Aim of the task: Your answer should consist of every line in the records that holds "transparency".

Dataset:

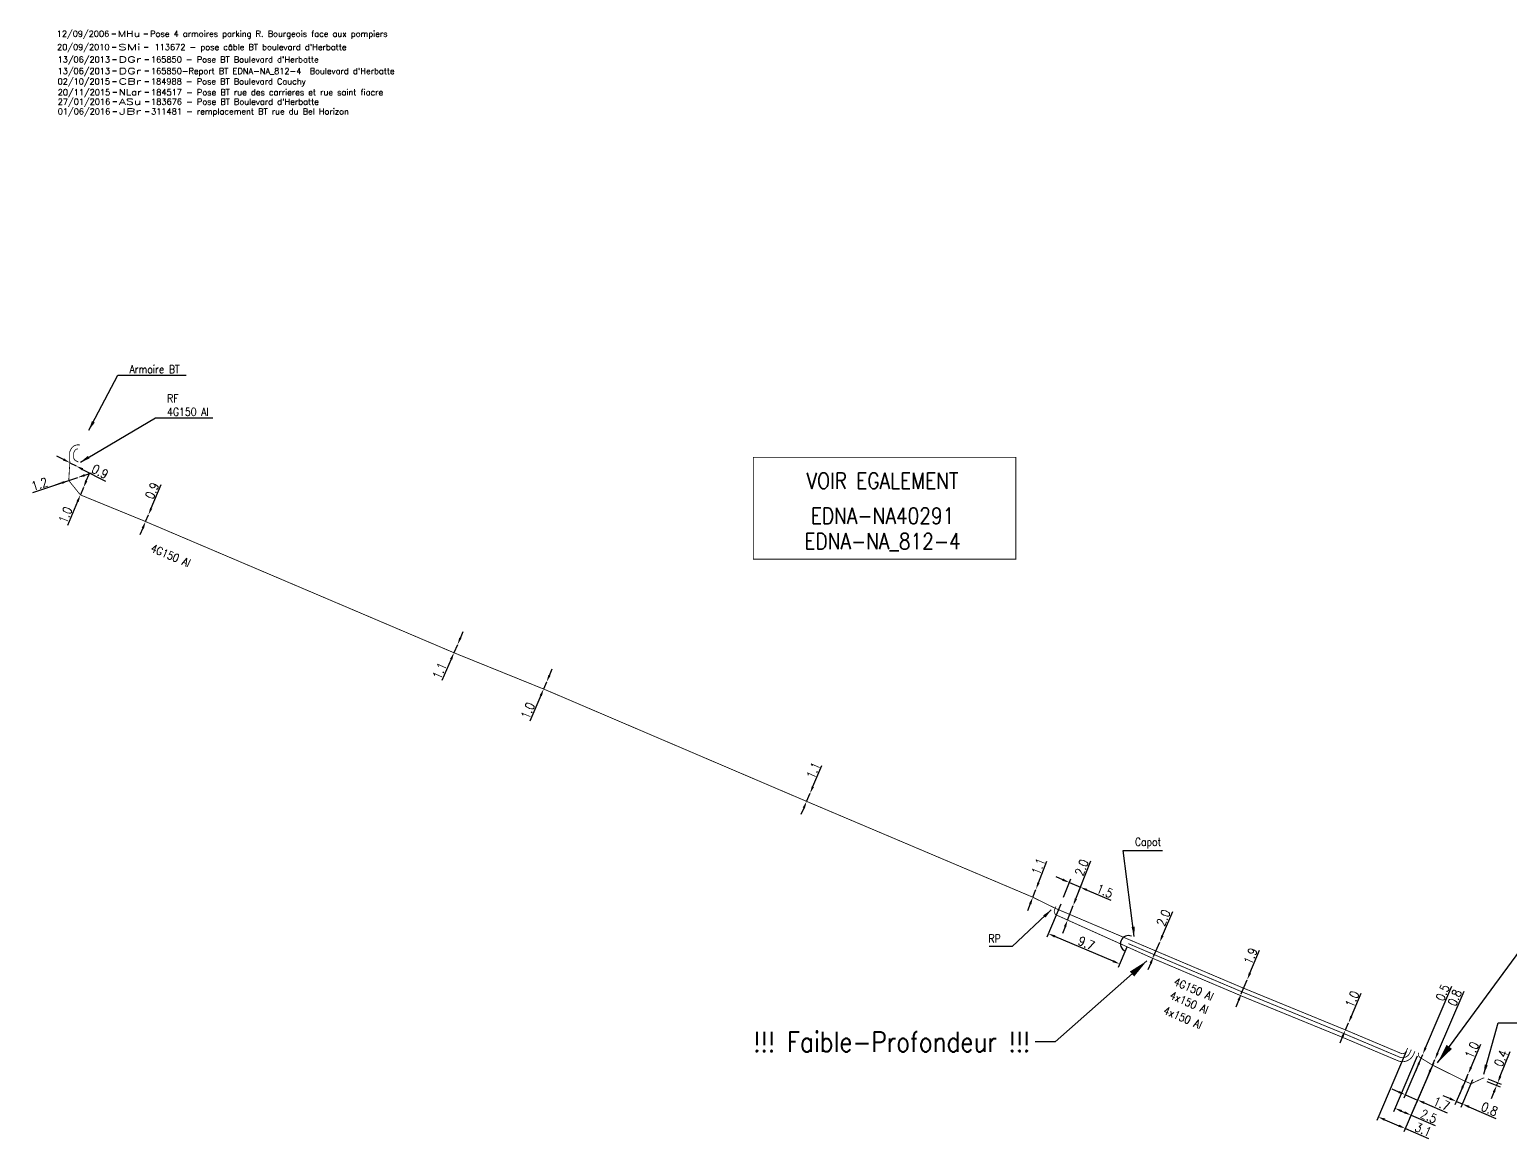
# Model space of a CAD drawing. Header units: millimetres. Extents: x 184994 to 186004, y 128000 to 129009.
# Drawn here: x 185507.4 to 185692.4, y 128850.6 to 128989.1 of the extents above; entities that cross this region are included whole.
import ezdxf
from ezdxf.enums import TextEntityAlignment as Align

# ---------------------------------------------------------------- set-up
doc = ezdxf.new("R2010")
doc.units = ezdxf.units.MM
doc.header["$PDMODE"] = 34
doc.linetypes.add('B_ST_Al', pattern=[2000, 1000, 1000])
doc.layers.get('0').update_dxf_attribs({"linetype": 'CONTINUOUS'})
doc.layers.get('Defpoints').update_dxf_attribs({"linetype": 'CONTINUOUS'})
for name, color, linetype in [('B_100', 3, 'CONTINUOUS'), ('B_110', 1, 'CONTINUOUS'), ('B_300', 7, 'CONTINUOUS'), ('B_420', 7, 'CONTINUOUS'), ('B_930', 7, 'CONTINUOUS')]:
    doc.layers.add(name, color=color, linetype=linetype)
doc.layers.add('B_910', color=7, linetype='CONTINUOUS', plot=False)
doc.styles.get("Standard").update_dxf_attribs({"font": 'romans.shx', "width": 0.85})
doc.dimstyles.get("Standard").update_dxf_attribs({"dimtxt": 1.5, "dimasz": 1.2, "dimexe": 0.625, "dimexo": 0.625, "dimgap": 0.25, "dimtad": 1, "dimdec": 1, "dimzin": 0, "dimdsep": 46, "dimtxsty": 'Standard', "dimcen": -0.5, "dimadec": 0, "dimazin": 0, "dimtfac": 1, "dimtdec": 1, "dimtmove": 0, "dimatfit": 3, "dimfxl": 0, "dimtolj": 1, "dimtzin": 0, "dimarcsym": 0})

# ---------------------------------------------------------------- blocks, each defined once
blk = doc.blocks.new('GIS_MODF')
at = {"color": 0, "linetype": 'Continuous', "flags": 128}
for points in [[(-2.26, -0.01), (-1.76, -0.01)], [(1.76, -0.01), (2.26, -0.01)]]:
    blk.add_lwpolyline(points, dxfattribs=at)
at = {"color": 0, "linetype": 'Continuous'}
blk.add_attdef('DATE', text='', height=0.75, dxfattribs=at).set_placement((-2.58, -0.39), align=Align.RIGHT)
at = {"color": 0, "linetype": 'Continuous', "width": 3.590909}
blk.add_attdef('USER', text='', height=0.75, dxfattribs=at).set_placement((-1.52, -0.39), (1.31, -0.39), align=Align.FIT)
at = {"color": 0, "linetype": 'Continuous'}
blk.add_attdef('DESC', (2.53, -0.39), '', height=0.75, dxfattribs=at)
blk = doc.blocks.new('*D568')
at = {"layer": 'B_110', "color": 0, "linetype": 'Continuous', "lineweight": -2, "transparency": 16777216}
for p, q in [((185511.6, 128935.41), (185510.8, 128935.83)), ((185512.4, 128935), (185513.2, 128934.59)), ((185514, 128934.17), (185516.87, 128932.69))]:
    blk.add_line(p, q, dxfattribs=at)
at = {"layer": 'B_110', "color": 0, "linetype": 'Continuous', "transparency": 16777216}
for points in [[(185511.67, 128935.55), (185511.53, 128935.28), (185512.4, 128935)], [(185514.07, 128934.31), (185513.93, 128934.04), (185513.2, 128934.59)]]:
    blk.add_solid(points, dxfattribs=at)
at = {"layer": 'Defpoints', "color": 0, "linetype": 'Continuous', "transparency": 16777216}
for p in [(185512.4, 128935), (185513.2, 128934.59), (185513.2, 128934.59)]:
    blk.add_point(p, dxfattribs=at)
at = {"layer": 'B_110', "color": 0, "linetype": 'Continuous', "transparency": 16777216, "insert": (185516.18, 128933.89), "char_height": 1.125, "attachment_point": 5, "rotation": 332.6316}
blk.add_mtext('\\A1;0.9', dxfattribs=at)
blk = doc.blocks.new('*D569')
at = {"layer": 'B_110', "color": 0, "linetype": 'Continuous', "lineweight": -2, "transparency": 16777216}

Exercise answer:
at = {"layer": 'B_110', "color": 0, "linetype": 'Continuous', "lineweight": -2, "transparency": 16777216}
at = {"layer": 'B_110', "color": 0, "linetype": 'Continuous', "transparency": 16777216}
at = {"layer": 'Defpoints', "color": 0, "linetype": 'Continuous', "transparency": 16777216}
at = {"layer": 'B_110', "color": 0, "linetype": 'Continuous', "transparency": 16777216, "insert": (185516.18, 128933.89), "char_height": 1.125, "attachment_point": 5, "rotation": 332.6316}
at = {"layer": 'B_110', "color": 0, "linetype": 'Continuous', "lineweight": -2, "transparency": 16777216}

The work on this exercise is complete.